Ken Plain responds in a comment:

Thanks for your letter. I will be happy to answer your questions. First and foremost, yes there are a couple of companies in the Raleigh area who have decided to blur the lines as much as they legally can to confuse potential customers. When I began my company web site I purchased the domain www.raleighfences.com. Within a couple of months a competitor went out and purchased raleigh-fences.com. A coincidence? I think not, particularly when a month or so later he purchased the domain raleigh-fence-company.com. Prior to this he had not one time mentioned the words Raleigh Fence Company or Raleigh Fences on his web site he has had for over two years prior to my site coming online. I can easily understand how someone could get confused. They even added a personal picture on their front page within a few days of when I did.
Intriguing. What can we read into this stuff? I note that the Raleigh Fence Company Blog, while well established, hasn't been maintained or updated with any frequency -- thus, it cannot (as yet) be included in my bloglinks under the criteria I use. However, Keith Bloemendaal's Raleigh Fence Contractors LLC blog is updated on a frequent and regular schedule, provides independent and relevant information, and so is worthy of a permalink. (Raleigh Fence Company can earn the same treatment if I see consistent updating for several weeks -- this will require more than one posting every few months.)

However, I also sense that Keith is playing a catch up game here -- in a technologically savvy market (Raleigh/Durham/Chapel Hill is known as the "Research Triangle" for good reason!) --and this process is resulting in the use of Search Engine Optimization and blogging approaches more sophisticated than found in many other areas of the U.S. or Canada. So, if you are a local contractor outside of this region, you might want to look at these websites and blogs to determine your own best practices; and adapt their approaches to your own business model. You'll probably achieve impressive market results, rapidly.

2 comments:

Anonymous said...

Mark,

I find the credibility of the "other" blog you mentioned to be nonexistent. I checked to see what Ken had written, and it appeared he is very upset with a certain company using his name. I don't feel that using the words Raleigh and fence in my company infringes on Mr. Plain's trademark, and furthermore, if wants to be sure no one can purchase anymore domains with the words Raleigh and fence in them, he is more than welcome to purchase all of them.

I went back to reread his post dated August 11 and it has been removed, along with the comment he made in response. His last actual posting dated November of 2007, he explains the difference between paid ads, and search results. I don't count the post in April of 2008, as it was written by someone else, and copied and pasted to his site.
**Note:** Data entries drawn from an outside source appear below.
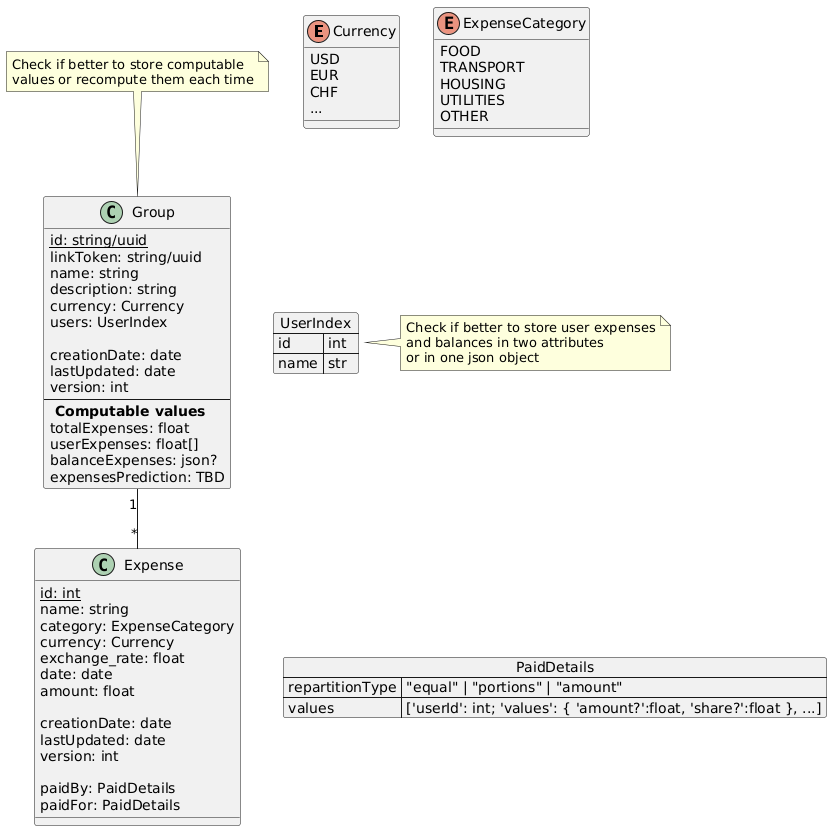

The diagram above was rendered by PlantUML. Its source (embedded in the PNG):
@startuml
enum Currency {
  USD
  EUR
  CHF
  ...
}

enum ExpenseCategory {
  FOOD
  TRANSPORT
  HOUSING
  UTILITIES
  OTHER
}

class "Group" {
  {static} id: string/uuid
  linkToken: string/uuid
  name: string
  description: string
  currency: Currency
  users: UserIndex
  
  creationDate: date
  lastUpdated: date
  version: int
  --
  ** Computable values **
  totalExpenses: float
  userExpenses: float[]
  balanceExpenses: json?
  expensesPrediction: TBD
}

note top of Group
    Check if better to store computable
    values or recompute them each time
end note

class "Expense" {
  {static} id: int
  name: string
  category: ExpenseCategory
  currency: Currency
  exchange_rate: float
  date: date
  amount: float
  
  creationDate: date
  lastUpdated: date
  version: int

  paidBy: PaidDetails
  paidFor: PaidDetails
}

Group "1" -- "*" Expense

/'Comment all below if your visualiser doesn't support json'/

json "PaidDetails" {
  "repartitionType": "\"equal\" | \"portions\" | \"amount\"",
  "values": "['userId': int; 'values': { 'amount?':float, 'share?':float }, ...]"
}

"PaidDetails" -l[hidden]- Expense

json "UserIndex" {
    "id":"int",
    "name":"str"
    /'"indexes" : "[{'id':int; 'name':str}, ...]",'/
    /'"maybeExpenses?":"",'/
    /'"maybeBalances?":""'/
}

UserIndex -l[hidden]- Group

note right of UserIndex
    Check if better to store user expenses
    and balances in two attributes
    or in one json object
end note
@enduml
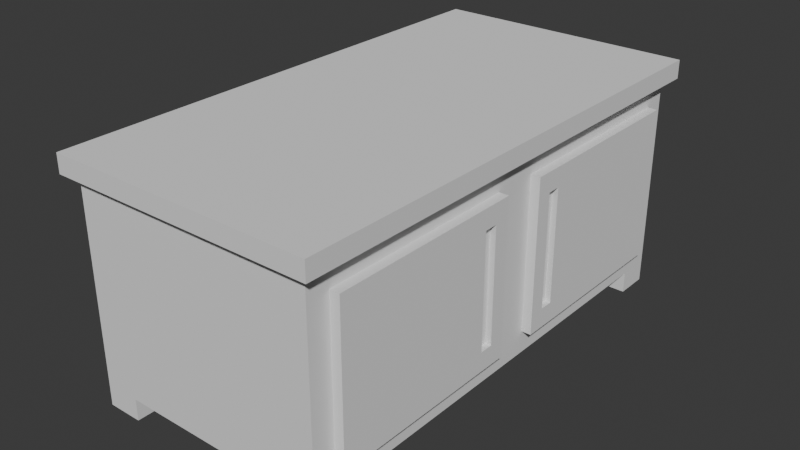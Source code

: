 # Source: rectangle-sidetable.blend  (saved by Blender 4.5.90; exported with 4.5.12 LTS)
import bpy
from mathutils import Matrix  # noqa: F401  (used for matrix-valued properties, if any)

bpy.ops.wm.read_factory_settings(use_empty=True)
scene = bpy.context.scene
scene.name = 'Scene'

# ---- collections
col_collection = bpy.data.collections.new('Collection'); scene.collection.children.link(col_collection)

# ---- world
world_world = bpy.data.worlds.new('World'); scene.world = world_world
world_world.use_nodes = True; world_world.node_tree.nodes.clear()
_N = world_world.node_tree.nodes; _L = world_world.node_tree.links
n0 = _N.new('ShaderNodeOutputWorld'); n0.name = 'World Output'; n0.location = (200, 100)
n1 = _N.new('ShaderNodeBackground'); n1.name = 'Background'; n1.location = (-200, 100)
n1.inputs[0].default_value = (0.05088, 0.05088, 0.05088, 1.0)
_L.new(n1.outputs[0], n0.inputs[0])
n0.is_active_output = True
world_world.color = (0.05088, 0.05088, 0.05088)
world_world.sun_shadow_jitter_overblur = 0.0

# ---- meshes
me_cube_005 = bpy.data.meshes.new('Cube.005')
me_cube_005.from_pydata([(-0.3722, -0.8397, -0.3027), (-0.3722, -0.8397, -0.3893), (-0.3722, -0.9742, -0.3027), (-0.3722, -0.9742, -0.3893), (-0.5133, -0.8397, -0.3027), (-0.5133, -0.8397, -0.3893), (-0.5133, -0.9742, -0.3027), (-0.5133, -0.9742, -0.3893), (-0.5133, -0.9742, -0.3027), (-0.5133, -0.9742, 0.49), (-0.5133, 0.9742, -0.3027), (-0.5133, 0.9742, 0.49), (0.4609, -0.9742, -0.3027), (0.4609, -0.9742, 0.49), (0.4609, 0.9742, -0.3027), (0.4609, 0.9742, 0.49), (-0.5133, -8.63e-10, -0.3027), (-0.5133, -8.63e-10, 0.49), (0.4609, -8.63e-10, -0.3027), (0.4609, -8.63e-10, 0.49), (0.4609, -0.09022, -0.2125), (0.4609, -0.09022, 0.3998), (0.4609, -0.884, 0.3998), (0.4609, -0.884, -0.2125), (0.4609, 0.884, -0.2125), (0.4609, 0.884, 0.3998), (0.4609, 0.09022, 0.3998), (0.4609, 0.09022, -0.2125), (0.4992, -0.09022, 0.3998), (0.4992, -0.09022, -0.2125), (0.4992, -0.884, -0.2125), (0.4992, -0.884, 0.3998), (0.4992, 0.884, 0.3998), (0.4992, 0.884, -0.2125), (0.4992, 0.09022, -0.2125), (0.4992, 0.09022, 0.3998), (0.4992, -0.1178, -0.17), (0.4992, -0.1178, 0.3573), (0.4992, -0.2442, 0.3573), (0.4992, -0.2442, -0.17), (0.4992, 0.2442, -0.17), (0.4992, 0.2442, 0.3573), (0.4992, 0.1178, 0.3573), (0.4992, 0.1178, -0.17), (0.4992, -0.154, -0.1339), (0.4992, -0.154, 0.3212), (0.4992, -0.2081, 0.3212), (0.4992, -0.2081, -0.1339), (0.4992, 0.2081, -0.1339), (0.4992, 0.2081, 0.3212), (0.4992, 0.154, 0.3212), (0.4992, 0.154, -0.1339), (0.476, -0.154, 0.3212), (0.476, -0.154, -0.1339), (0.476, -0.2081, -0.1339), (0.476, -0.2081, 0.3212), (0.476, 0.2081, 0.3212), (0.476, 0.2081, -0.1339), (0.476, 0.154, -0.1339), (0.476, 0.154, 0.3212), (-0.5577, -1.015, 0.49), (-0.5577, -1.015, 0.5639), (-0.5577, 1.015, 0.49), (-0.5577, 1.015, 0.5639), (0.5053, -1.015, 0.49), (0.5053, -1.015, 0.5639), (0.5053, 1.015, 0.49), (0.5053, 1.015, 0.5639), (-0.3722, 0.9742, -0.3027), (-0.3722, 0.9742, -0.3893), (-0.3722, 0.8397, -0.3027), (-0.3722, 0.8397, -0.3893), (-0.5133, 0.9742, -0.3027), (-0.5133, 0.9742, -0.3893), (-0.5133, 0.8397, -0.3027), (-0.5133, 0.8397, -0.3893), (0.4607, 0.9742, -0.3027), (0.4607, 0.9742, -0.3893), (0.4607, 0.8397, -0.3027), (0.4607, 0.8397, -0.3893), (0.3196, 0.9742, -0.3027), (0.3196, 0.9742, -0.3893), (0.3196, 0.8397, -0.3027), (0.3196, 0.8397, -0.3893), (0.4607, -0.8397, -0.3027), (0.4607, -0.8397, -0.3893), (0.4607, -0.9742, -0.3027), (0.4607, -0.9742, -0.3893), (0.3196, -0.8397, -0.3027), (0.3196, -0.8397, -0.3893), (0.3196, -0.9742, -0.3027), (0.3196, -0.9742, -0.3893)], [], [(0, 1, 3, 2), (2, 3, 7, 6), (6, 7, 5, 4), (4, 5, 1, 0), (2, 6, 4, 0), (7, 3, 1, 5), (16, 17, 11, 10), (10, 11, 15, 14), (25, 26, 35, 32), (12, 13, 9, 8), (16, 18, 12, 8), (19, 17, 9, 13), (15, 11, 17, 19), (10, 14, 18, 16), (23, 20, 29, 30), (8, 9, 17, 16), (18, 19, 21, 20), (19, 13, 22, 21), (13, 12, 23, 22), (12, 18, 20, 23), (14, 15, 25, 24), (15, 19, 26, 25), (19, 18, 27, 26), (18, 14, 24, 27), (47, 44, 53, 54), (46, 47, 54, 55), (24, 25, 32, 33), (21, 22, 31, 28), (26, 27, 34, 35), (20, 21, 28, 29), (27, 24, 33, 34), (22, 23, 30, 31), (29, 28, 37, 36), (28, 31, 38, 37), (31, 30, 39, 38), (30, 29, 36, 39), (33, 32, 41, 40), (32, 35, 42, 41), (35, 34, 43, 42), (34, 33, 40, 43), (36, 37, 45, 44), (37, 38, 46, 45), (38, 39, 47, 46), (39, 36, 44, 47), (40, 41, 49, 48), (41, 42, 50, 49), (42, 43, 51, 50), (43, 40, 48, 51), (53, 52, 55, 54), (57, 56, 59, 58), (49, 50, 59, 56), (48, 49, 56, 57), (45, 46, 55, 52), (50, 51, 58, 59), (44, 45, 52, 53), (51, 48, 57, 58), (60, 61, 63, 62), (62, 63, 67, 66), (66, 67, 65, 64), (64, 65, 61, 60), (62, 66, 64, 60), (67, 63, 61, 65), (68, 69, 71, 70), (70, 71, 75, 74), (74, 75, 73, 72), (72, 73, 69, 68), (70, 74, 72, 68), (75, 71, 69, 73), (76, 77, 79, 78), (78, 79, 83, 82), (82, 83, 81, 80), (80, 81, 77, 76), (78, 82, 80, 76), (83, 79, 77, 81), (84, 85, 87, 86), (86, 87, 91, 90), (90, 91, 89, 88), (88, 89, 85, 84), (86, 90, 88, 84), (91, 87, 85, 89)])
_uv = me_cube_005.uv_layers.new(name='UVMap')
_uv.uv.foreach_set('vector', [0.4793, 0.7934, 0.5007, 0.7934, 0.5007, 0.8267, 0.4793, 0.8267, 0.3696, 0.7433, 0.391, 0.7433, 0.391, 0.7782, 0.3696, 0.7782, 0.5007, 0.7934, 0.5221, 0.7934, 0.5221, 0.8267, 0.5007, 0.8267, 0.3923, 0.7653, 0.4138, 0.7653, 0.4138, 0.8002, 0.3923, 0.8002, 0.4793, 0.6887, 0.4793, 0.6537, 0.5125, 0.6537, 0.5125, 0.6887, 0.4793, 0.7236, 0.4793, 0.6887, 0.5125, 0.6887, 0.5125, 0.7236, 0.9634, 0.2411, 0.7672, 0.2411, 0.7672, -8.938e-09, 0.9634, 5.872e-09, 0.1962, 0.7433, 2.386e-09, 0.7433, 2.059e-08, 0.5022, 0.1962, 0.5022, 0.4289, 0.6987, 0.4289, 0.5022, 0.4384, 0.5022, 0.4384, 0.6987, 0.3923, 0.7433, 0.1962, 0.7433, 0.1962, 0.5022, 0.3923, 0.5022, 0.7672, 0.2411, 0.5261, 0.2411, 0.5261, 0.0, 0.7672, 0.0, 0.7672, 0.7233, 0.5261, 0.7233, 0.5261, 0.4822, 0.7672, 0.4822, 0.7672, 0.9644, 0.5261, 0.9644, 0.5261, 0.7233, 0.7672, 0.7233, 0.7672, 0.4822, 0.5261, 0.4822, 0.5261, 0.2411, 0.7672, 0.2411, 0.4479, 0.5022, 0.4479, 0.6987, 0.4384, 0.6987, 0.4384, 0.5022, 0.9634, 0.4822, 0.7672, 0.4822, 0.7672, 0.2411, 0.9634, 0.2411, 0.9634, 0.7233, 0.7672, 0.7233, 0.7896, 0.7009, 0.9411, 0.7009, 0.7672, 0.7233, 0.7672, 0.4822, 0.7896, 0.5045, 0.7896, 0.7009, 0.7672, 0.4822, 0.9634, 0.4822, 0.9411, 0.5045, 0.7896, 0.5045, 0.9634, 0.4822, 0.9634, 0.7233, 0.9411, 0.7009, 0.9411, 0.5045, 0.9634, 0.9644, 0.7672, 0.9644, 0.7896, 0.942, 0.9411, 0.942, 0.7672, 0.9644, 0.7672, 0.7233, 0.7896, 0.7456, 0.7896, 0.942, 0.7672, 0.7233, 0.9634, 0.7233, 0.9411, 0.7456, 0.7896, 0.7456, 0.9634, 0.7233, 0.9634, 0.9644, 0.9411, 0.942, 0.9411, 0.7456, 0.4859, 0.6148, 0.4859, 0.6282, 0.4802, 0.6282, 0.4802, 0.6148, 0.5183, 0.6537, 0.5183, 0.7663, 0.5125, 0.7663, 0.5125, 0.6537, 0.4936, 0.6537, 0.4936, 0.5022, 0.5031, 0.5022, 0.5031, 0.6537, 0.4479, 0.6987, 0.4479, 0.5022, 0.4573, 0.5022, 0.4573, 0.6987, 0.5125, 0.5022, 0.5125, 0.6537, 0.5031, 0.6537, 0.5031, 0.5022, 0.5125, 0.6537, 0.5125, 0.5022, 0.522, 0.5022, 0.522, 0.6537, 0.4668, 0.5022, 0.4668, 0.6987, 0.4573, 0.6987, 0.4573, 0.5022, 0.4763, 0.6148, 0.4763, 0.7663, 0.4668, 0.7663, 0.4668, 0.6148, 0.1515, 0.9398, 4.271e-09, 0.9398, 0.0105, 0.9329, 0.141, 0.9329, 4.271e-09, 0.9398, 1.91e-08, 0.7433, 0.0105, 0.9016, 0.0105, 0.9329, 1.91e-08, 0.7433, 0.1515, 0.7433, 0.141, 0.9016, 0.0105, 0.9016, 0.1515, 0.7433, 0.1515, 0.9398, 0.141, 0.9329, 0.141, 0.9016, 0.303, 0.9398, 0.1515, 0.9398, 0.162, 0.7814, 0.2925, 0.7814, 0.1515, 0.9398, 0.1515, 0.7433, 0.162, 0.7501, 0.162, 0.7814, 0.1515, 0.7433, 0.303, 0.7433, 0.2925, 0.7501, 0.162, 0.7501, 0.303, 0.7433, 0.303, 0.9398, 0.2925, 0.7814, 0.2925, 0.7501, 0.141, 0.9329, 0.0105, 0.9329, 0.01945, 0.924, 0.1321, 0.924, 0.0105, 0.9329, 0.0105, 0.9016, 0.01945, 0.9106, 0.01945, 0.924, 0.0105, 0.9016, 0.141, 0.9016, 0.1321, 0.9106, 0.01945, 0.9106, 0.141, 0.9016, 0.141, 0.9329, 0.1321, 0.924, 0.1321, 0.9106, 0.2925, 0.7814, 0.162, 0.7814, 0.171, 0.7725, 0.2836, 0.7725, 0.162, 0.7814, 0.162, 0.7501, 0.171, 0.7591, 0.171, 0.7725, 0.162, 0.7501, 0.2925, 0.7501, 0.2836, 0.7591, 0.171, 0.7591, 0.2925, 0.7501, 0.2925, 0.7814, 0.2836, 0.7725, 0.2836, 0.7591, 0.4668, 0.6148, 0.4668, 0.5022, 0.4802, 0.5022, 0.4802, 0.6148, 0.4802, 0.6148, 0.4802, 0.5022, 0.4936, 0.5022, 0.4936, 0.6148, 0.4879, 0.6282, 0.4879, 0.6148, 0.4936, 0.6148, 0.4936, 0.6282, 0.5183, 0.7663, 0.5183, 0.6537, 0.524, 0.6537, 0.524, 0.7663, 0.4879, 0.6416, 0.4879, 0.6282, 0.4936, 0.6282, 0.4936, 0.6416, 0.4195, 0.7653, 0.4195, 0.8779, 0.4138, 0.8779, 0.4138, 0.7653, 0.4195, 0.8779, 0.4195, 0.7653, 0.4252, 0.7653, 0.4252, 0.8779, 0.4879, 0.6282, 0.4879, 0.6416, 0.4821, 0.6416, 0.4821, 0.6282, 0.9817, 0.5022, 0.9634, 0.5022, 0.9634, 5.872e-09, 0.9817, 7.254e-09, 0.4106, 0.7653, 0.3923, 0.7653, 0.3923, 0.5022, 0.4106, 0.5022, 1.0, 0.5022, 0.9817, 0.5022, 0.9817, 7.254e-09, 1.0, 8.635e-09, 0.4289, 0.7653, 0.4106, 0.7653, 0.4106, 0.5022, 0.4289, 0.5022, 0.2631, 0.5022, 0.0, 0.5022, 0.0, 0.0, 0.2631, 0.0, 0.5261, 0.5022, 0.2631, 0.5022, 0.2631, 0.0, 0.5261, 0.0, 0.3923, 0.8002, 0.4138, 0.8002, 0.4138, 0.8335, 0.3923, 0.8335, 0.4289, 0.7685, 0.4504, 0.7685, 0.4504, 0.8034, 0.4289, 0.8034, 0.4289, 0.8034, 0.4503, 0.8034, 0.4503, 0.8367, 0.4289, 0.8367, 0.4503, 0.7685, 0.4718, 0.7685, 0.4718, 0.8034, 0.4503, 0.8034, 0.4289, 0.7336, 0.4289, 0.6987, 0.4622, 0.6987, 0.4622, 0.7336, 0.4793, 0.7585, 0.4793, 0.7236, 0.5125, 0.7236, 0.5125, 0.7585, 0.4503, 0.8034, 0.4718, 0.8034, 0.4718, 0.8367, 0.4503, 0.8367, 0.303, 0.7782, 0.3245, 0.7782, 0.3245, 0.8132, 0.303, 0.8132, 0.303, 0.8132, 0.3245, 0.8132, 0.3245, 0.8464, 0.303, 0.8464, 0.3245, 0.7782, 0.3459, 0.7782, 0.3459, 0.8132, 0.3245, 0.8132, 0.4289, 0.7685, 0.4289, 0.7336, 0.4622, 0.7336, 0.4622, 0.7685, 0.303, 0.7782, 0.303, 0.7433, 0.3363, 0.7433, 0.3363, 0.7782, 0.3245, 0.8132, 0.3459, 0.8132, 0.3459, 0.8464, 0.3245, 0.8464, 0.3459, 0.7782, 0.3673, 0.7782, 0.3673, 0.8132, 0.3459, 0.8132, 0.3459, 0.8132, 0.3673, 0.8132, 0.3673, 0.8464, 0.3459, 0.8464, 0.3696, 0.7782, 0.391, 0.7782, 0.391, 0.8132, 0.3696, 0.8132, 0.3363, 0.7782, 0.3363, 0.7433, 0.3696, 0.7433, 0.3696, 0.7782, 0.4793, 0.7934, 0.4793, 0.7585, 0.5125, 0.7585, 0.5125, 0.7934])
me_cube_005.update()

# ---- objects
ob_table = bpy.data.objects.new('table', me_cube_005)

# ---- transforms, parenting, visibility, modifiers, constraints
ob_table.location = (0.0, 0.0, 0.0)

# ---- collection membership
col_collection.objects.link(ob_table)

# ---- scene / render settings (as saved in the file)
scene.frame_start = 1; scene.frame_end = 250; scene.frame_set(1)
scene.render.engine = 'BLENDER_EEVEE_NEXT'
bpy.context.view_layer.update()

# ---- added for rendering (the .blend has no active camera and no usable light): camera, sun
cam_auto = bpy.data.cameras.new('AutoCamera')
cam_auto.lens = 50.0
cam_auto.sensor_width = 36.0
cam_auto.clip_end = 1000.0
ob_auto_camera = bpy.data.objects.new('AutoCamera', cam_auto)
scene.collection.objects.link(ob_auto_camera)
ob_auto_camera.location = (2.26954, -2.75491, 1.92393)
ob_auto_camera.rotation_euler = (1.09748, -7.21219e-08, 0.694738)
scene.camera = ob_auto_camera
light_auto_sun = bpy.data.lights.new('AutoSun', 'SUN')
light_auto_sun.energy = 3.0
light_auto_sun.angle = 0.0523599
ob_auto_sun = bpy.data.objects.new('AutoSun', light_auto_sun)
scene.collection.objects.link(ob_auto_sun)
ob_auto_sun.rotation_euler = (0.872665, 0.174533, 0.523599)
bpy.context.view_layer.update()

In conclusion, if you were to compare our sites, you would not be comparing apples to apples.

Keith Bloemendaal
Raleigh Fence Contractors, LLC

Construction Marketing Ideas said...

Keith, I also noticed that the other company had removed the more recent post and comment shortly after I wrote my own blog entry. I haven't heard back from them -- I try to communicate with everyone when they are mentioned in this blog.
Generally, I am respectful of competitive dynamics; when blogging is used primarily as a Search Engine Optimization resource, it loses the value that occurs when the blog is written from a sincere and useful perspective (and the higher search engine rankings are a welcome bonus.) Of course, the readership of this blog is national (or international, for that matter) so I handle local competitive issues within this framework. Regardless, I enjoy your blog and have granted it a permalink.